**Work instructions**
All entries are to be reproduced exactly; the pictures are to be omitted.

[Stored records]
□ □ □ □ □ □ □
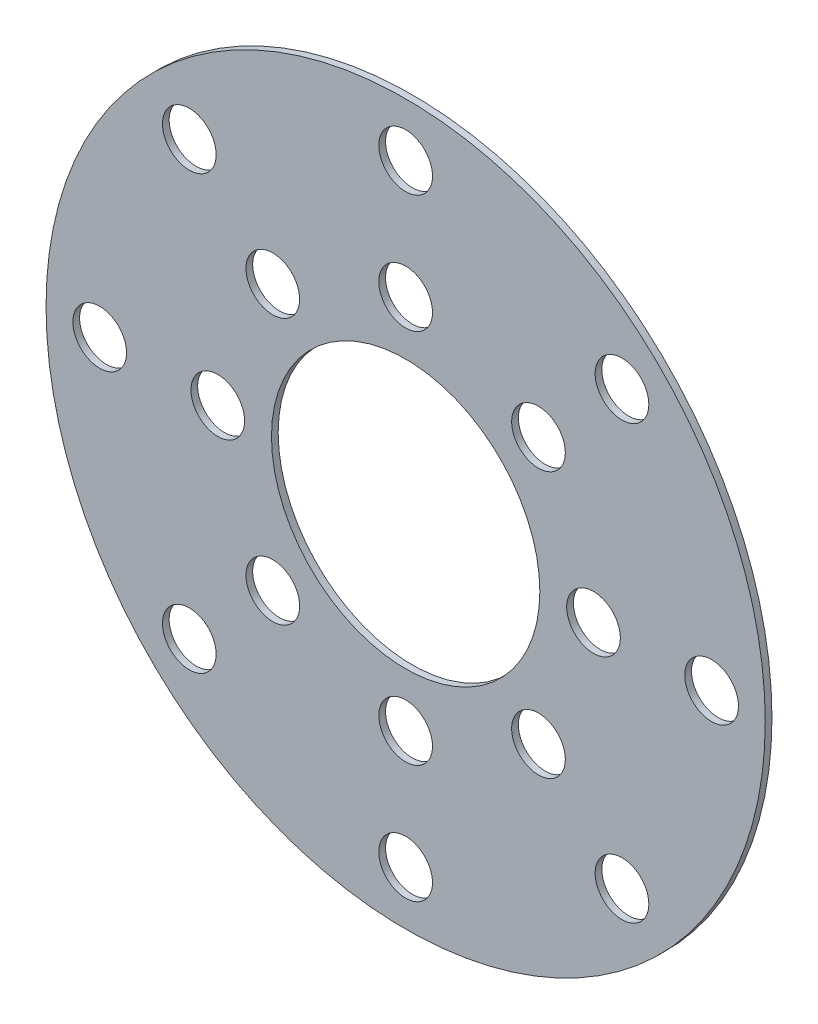
ISO-10303-21;
HEADER;
FILE_DESCRIPTION(('STEP AP214'),'2;1');
FILE_NAME('part.step','',(''),(''),'','','');
FILE_SCHEMA(('AUTOMOTIVE_DESIGN { 1 0 10303 214 1 1 1 1 }'));
ENDSEC;
DATA;
#1=APPLICATION_CONTEXT('core data for automotive mechanical design processes');
#2=APPLICATION_PROTOCOL_DEFINITION('international standard','automotive_design',2000,#1);
#3=PRODUCT_CONTEXT('',#1,'mechanical');
#4=PRODUCT('Part','Part','',(#3));
#5=PRODUCT_RELATED_PRODUCT_CATEGORY('part','',(#4));
#6=PRODUCT_DEFINITION_FORMATION('','',#4);
#7=PRODUCT_DEFINITION_CONTEXT('part definition',#1,'design');
#8=PRODUCT_DEFINITION('design','',#6,#7);
#9=PRODUCT_DEFINITION_SHAPE('','',#8);
#10=(LENGTH_UNIT() NAMED_UNIT(*) SI_UNIT(.MILLI.,.METRE.));
#11=(NAMED_UNIT(*) PLANE_ANGLE_UNIT() SI_UNIT($,.RADIAN.));
#12=(NAMED_UNIT(*) SI_UNIT($,.STERADIAN.) SOLID_ANGLE_UNIT());
#13=UNCERTAINTY_MEASURE_WITH_UNIT(LENGTH_MEASURE(1.E-05),#10,'distance_accuracy_value','');
#14=(GEOMETRIC_REPRESENTATION_CONTEXT(3) GLOBAL_UNCERTAINTY_ASSIGNED_CONTEXT((#13)) GLOBAL_UNIT_ASSIGNED_CONTEXT((#10,
#11,#12)) REPRESENTATION_CONTEXT('',''));
#15=CARTESIAN_POINT('',(0.,0.,0.));
#16=DIRECTION('',(0.,0.,1.));
#17=DIRECTION('',(1.,0.,0.));
#18=AXIS2_PLACEMENT_3D('',#15,#16,#17);
#19=CARTESIAN_POINT('',(0.,0.,0.79375));
#20=DIRECTION('',(0.,0.,-1.));
#21=DIRECTION('',(-1.,0.,0.));
#22=AXIS2_PLACEMENT_3D('',#19,#20,#21);
#23=CYLINDRICAL_SURFACE('',#22,42.545);
#24=CARTESIAN_POINT('',(0.,0.,0.79375));
#25=DIRECTION('',(0.,0.,1.));
#26=DIRECTION('',(1.,0.,0.));
#27=AXIS2_PLACEMENT_3D('',#24,#25,#26);
#28=CIRCLE('',#27,42.545);
#29=CARTESIAN_POINT('',(42.545,0.,0.79375));
#30=VERTEX_POINT('',#29);
#31=EDGE_CURVE('E10',#30,#30,#28,.T.);
#32=ORIENTED_EDGE('',*,*,#31,.F.);
#33=EDGE_LOOP('',(#32));
#34=FACE_BOUND('',#33,.T.);
#35=CARTESIAN_POINT('',(0.,0.,0.));
#36=DIRECTION('',(0.,0.,1.));
#37=DIRECTION('',(1.,0.,0.));
#38=AXIS2_PLACEMENT_3D('',#35,#36,#37);
#39=CIRCLE('',#38,42.545);
#40=CARTESIAN_POINT('',(42.545,0.,0.));
#41=VERTEX_POINT('',#40);
#42=EDGE_CURVE('E40',#41,#41,#39,.T.);
#43=ORIENTED_EDGE('',*,*,#42,.T.);
#44=EDGE_LOOP('',(#43));
#45=FACE_BOUND('',#44,.T.);
#46=ADVANCED_FACE('F37',(#34,#45),#23,.T.);
#47=CARTESIAN_POINT('',(0.,0.,0.79375));
#48=DIRECTION('',(0.,0.,1.));
#49=DIRECTION('',(1.,0.,0.));
#50=AXIS2_PLACEMENT_3D('',#47,#48,#49);
#51=PLANE('',#50);
#52=CARTESIAN_POINT('',(25.5937299450478,25.5937299450472,0.79375));
#53=DIRECTION('',(0.,0.,1.));
#54=DIRECTION('',(1.,0.,0.));
#55=AXIS2_PLACEMENT_3D('',#52,#53,#54);
#56=CIRCLE('',#55,3.17499999999934);
#57=CARTESIAN_POINT('',(28.7687299450472,25.5937299450472,0.79375));
#58=VERTEX_POINT('',#57);
#59=EDGE_CURVE('E179',#58,#58,#56,.T.);
#60=ORIENTED_EDGE('',*,*,#59,.F.);
#61=EDGE_LOOP('',(#60));
#62=FACE_BOUND('',#61,.T.);
#63=CARTESIAN_POINT('',(15.7154482118723,15.7154482118711,0.79375));
#64=DIRECTION('',(0.,0.,1.));
#65=DIRECTION('',(1.,0.,0.));
#66=AXIS2_PLACEMENT_3D('',#63,#64,#65);
#67=CIRCLE('',#66,3.1749999999987);
#68=CARTESIAN_POINT('',(18.890448211871,15.7154482118711,0.79375));
#69=VERTEX_POINT('',#68);
#70=EDGE_CURVE('E171',#69,#69,#67,.T.);
#71=ORIENTED_EDGE('',*,*,#70,.F.);
#72=EDGE_LOOP('',(#71));
#73=FACE_BOUND('',#72,.T.);
#74=CARTESIAN_POINT('',(1.12126008612575E-12,36.1950000000007,0.79375));
#75=DIRECTION('',(0.,0.,1.));
#76=DIRECTION('',(1.,0.,0.));
#77=AXIS2_PLACEMENT_3D('',#74,#75,#76);
#78=CIRCLE('',#77,3.17499999999875);
#79=CARTESIAN_POINT('',(3.17499999999987,36.1950000000007,0.79375));
#80=VERTEX_POINT('',#79);
#81=EDGE_CURVE('E163',#80,#80,#78,.T.);
#82=ORIENTED_EDGE('',*,*,#81,.F.);
#83=EDGE_LOOP('',(#82));
#84=FACE_BOUND('',#83,.T.);
#85=CARTESIAN_POINT('',(1.12382633349337E-12,22.2250000000006,0.79375));
#86=DIRECTION('',(0.,0.,1.));
#87=DIRECTION('',(1.,0.,0.));
#88=AXIS2_PLACEMENT_3D('',#85,#86,#87);
#89=CIRCLE('',#88,3.17499999999875);
#90=CARTESIAN_POINT('',(3.17499999999988,22.2250000000006,0.79375));
#91=VERTEX_POINT('',#90);
#92=EDGE_CURVE('E155',#91,#91,#89,.T.);
#93=ORIENTED_EDGE('',*,*,#92,.F.);
#94=EDGE_LOOP('',(#93));
#95=FACE_BOUND('',#94,.T.);
#96=CARTESIAN_POINT('',(-25.5937299450461,25.5937299450484,0.79375));
#97=DIRECTION('',(0.,0.,1.));
#98=DIRECTION('',(1.,0.,0.));
#99=AXIS2_PLACEMENT_3D('',#96,#97,#98);
#100=CIRCLE('',#99,3.17499999999859);
#101=CARTESIAN_POINT('',(-22.4187299450475,25.5937299450484,0.79375));
#102=VERTEX_POINT('',#101);
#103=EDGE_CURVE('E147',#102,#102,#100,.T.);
□ □ □ □ □ □ □
**Your solution**
ISO-10303-21;
HEADER;
FILE_DESCRIPTION(('STEP AP214'),'2;1');
FILE_NAME('part.step','',(''),(''),'','','');
FILE_SCHEMA(('AUTOMOTIVE_DESIGN { 1 0 10303 214 1 1 1 1 }'));
ENDSEC;
DATA;
#1=APPLICATION_CONTEXT('core data for automotive mechanical design processes');
#2=APPLICATION_PROTOCOL_DEFINITION('international standard','automotive_design',2000,#1);
#3=PRODUCT_CONTEXT('',#1,'mechanical');
#4=PRODUCT('Part','Part','',(#3));
#5=PRODUCT_RELATED_PRODUCT_CATEGORY('part','',(#4));
#6=PRODUCT_DEFINITION_FORMATION('','',#4);
#7=PRODUCT_DEFINITION_CONTEXT('part definition',#1,'design');
#8=PRODUCT_DEFINITION('design','',#6,#7);
#9=PRODUCT_DEFINITION_SHAPE('','',#8);
#10=(LENGTH_UNIT() NAMED_UNIT(*) SI_UNIT(.MILLI.,.METRE.));
#11=(NAMED_UNIT(*) PLANE_ANGLE_UNIT() SI_UNIT($,.RADIAN.));
#12=(NAMED_UNIT(*) SI_UNIT($,.STERADIAN.) SOLID_ANGLE_UNIT());
#13=UNCERTAINTY_MEASURE_WITH_UNIT(LENGTH_MEASURE(1.E-05),#10,'distance_accuracy_value','');
#14=(GEOMETRIC_REPRESENTATION_CONTEXT(3) GLOBAL_UNCERTAINTY_ASSIGNED_CONTEXT((#13)) GLOBAL_UNIT_ASSIGNED_CONTEXT((#10,
#11,#12)) REPRESENTATION_CONTEXT('',''));
#15=CARTESIAN_POINT('',(0.,0.,0.));
#16=DIRECTION('',(0.,0.,1.));
#17=DIRECTION('',(1.,0.,0.));
#18=AXIS2_PLACEMENT_3D('',#15,#16,#17);
#19=CARTESIAN_POINT('',(0.,0.,0.79375));
#20=DIRECTION('',(0.,0.,-1.));
#21=DIRECTION('',(-1.,0.,0.));
#22=AXIS2_PLACEMENT_3D('',#19,#20,#21);
#23=CYLINDRICAL_SURFACE('',#22,42.545);
#24=CARTESIAN_POINT('',(0.,0.,0.79375));
#25=DIRECTION('',(0.,0.,1.));
#26=DIRECTION('',(1.,0.,0.));
#27=AXIS2_PLACEMENT_3D('',#24,#25,#26);
#28=CIRCLE('',#27,42.545);
#29=CARTESIAN_POINT('',(42.545,0.,0.79375));
#30=VERTEX_POINT('',#29);
#31=EDGE_CURVE('E10',#30,#30,#28,.T.);
#32=ORIENTED_EDGE('',*,*,#31,.F.);
#33=EDGE_LOOP('',(#32));
#34=FACE_BOUND('',#33,.T.);
#35=CARTESIAN_POINT('',(0.,0.,0.));
#36=DIRECTION('',(0.,0.,1.));
#37=DIRECTION('',(1.,0.,0.));
#38=AXIS2_PLACEMENT_3D('',#35,#36,#37);
#39=CIRCLE('',#38,42.545);
#40=CARTESIAN_POINT('',(42.545,0.,0.));
#41=VERTEX_POINT('',#40);
#42=EDGE_CURVE('E40',#41,#41,#39,.T.);
#43=ORIENTED_EDGE('',*,*,#42,.T.);
#44=EDGE_LOOP('',(#43));
#45=FACE_BOUND('',#44,.T.);
#46=ADVANCED_FACE('F37',(#34,#45),#23,.T.);
#47=CARTESIAN_POINT('',(0.,0.,0.79375));
#48=DIRECTION('',(0.,0.,1.));
#49=DIRECTION('',(1.,0.,0.));
#50=AXIS2_PLACEMENT_3D('',#47,#48,#49);
#51=PLANE('',#50);
#52=CARTESIAN_POINT('',(25.5937299450478,25.5937299450472,0.79375));
#53=DIRECTION('',(0.,0.,1.));
#54=DIRECTION('',(1.,0.,0.));
#55=AXIS2_PLACEMENT_3D('',#52,#53,#54);
#56=CIRCLE('',#55,3.17499999999934);
#57=CARTESIAN_POINT('',(28.7687299450472,25.5937299450472,0.79375));
#58=VERTEX_POINT('',#57);
#59=EDGE_CURVE('E179',#58,#58,#56,.T.);
#60=ORIENTED_EDGE('',*,*,#59,.F.);
#61=EDGE_LOOP('',(#60));
#62=FACE_BOUND('',#61,.T.);
#63=CARTESIAN_POINT('',(15.7154482118723,15.7154482118711,0.79375));
#64=DIRECTION('',(0.,0.,1.));
#65=DIRECTION('',(1.,0.,0.));
#66=AXIS2_PLACEMENT_3D('',#63,#64,#65);
#67=CIRCLE('',#66,3.1749999999987);
#68=CARTESIAN_POINT('',(18.890448211871,15.7154482118711,0.79375));
#69=VERTEX_POINT('',#68);
#70=EDGE_CURVE('E171',#69,#69,#67,.T.);
#71=ORIENTED_EDGE('',*,*,#70,.F.);
#72=EDGE_LOOP('',(#71));
#73=FACE_BOUND('',#72,.T.);
#74=CARTESIAN_POINT('',(1.12126008612575E-12,36.1950000000007,0.79375));
#75=DIRECTION('',(0.,0.,1.));
#76=DIRECTION('',(1.,0.,0.));
#77=AXIS2_PLACEMENT_3D('',#74,#75,#76);
#78=CIRCLE('',#77,3.17499999999875);
#79=CARTESIAN_POINT('',(3.17499999999987,36.1950000000007,0.79375));
#80=VERTEX_POINT('',#79);
#81=EDGE_CURVE('E163',#80,#80,#78,.T.);
#82=ORIENTED_EDGE('',*,*,#81,.F.);
#83=EDGE_LOOP('',(#82));
#84=FACE_BOUND('',#83,.T.);
#85=CARTESIAN_POINT('',(1.12382633349337E-12,22.2250000000006,0.79375));
#86=DIRECTION('',(0.,0.,1.));
#87=DIRECTION('',(1.,0.,0.));
#88=AXIS2_PLACEMENT_3D('',#85,#86,#87);
#89=CIRCLE('',#88,3.17499999999875);
#90=CARTESIAN_POINT('',(3.17499999999988,22.2250000000006,0.79375));
#91=VERTEX_POINT('',#90);
#92=EDGE_CURVE('E155',#91,#91,#89,.T.);
#93=ORIENTED_EDGE('',*,*,#92,.F.);
#94=EDGE_LOOP('',(#93));
#95=FACE_BOUND('',#94,.T.);
#96=CARTESIAN_POINT('',(-25.5937299450461,25.5937299450484,0.79375));
#97=DIRECTION('',(0.,0.,1.));
#98=DIRECTION('',(1.,0.,0.));
#99=AXIS2_PLACEMENT_3D('',#96,#97,#98);
#100=CIRCLE('',#99,3.17499999999859);
#101=CARTESIAN_POINT('',(-22.4187299450475,25.5937299450484,0.79375));
#102=VERTEX_POINT('',#101);
#103=EDGE_CURVE('E147',#102,#102,#100,.T.);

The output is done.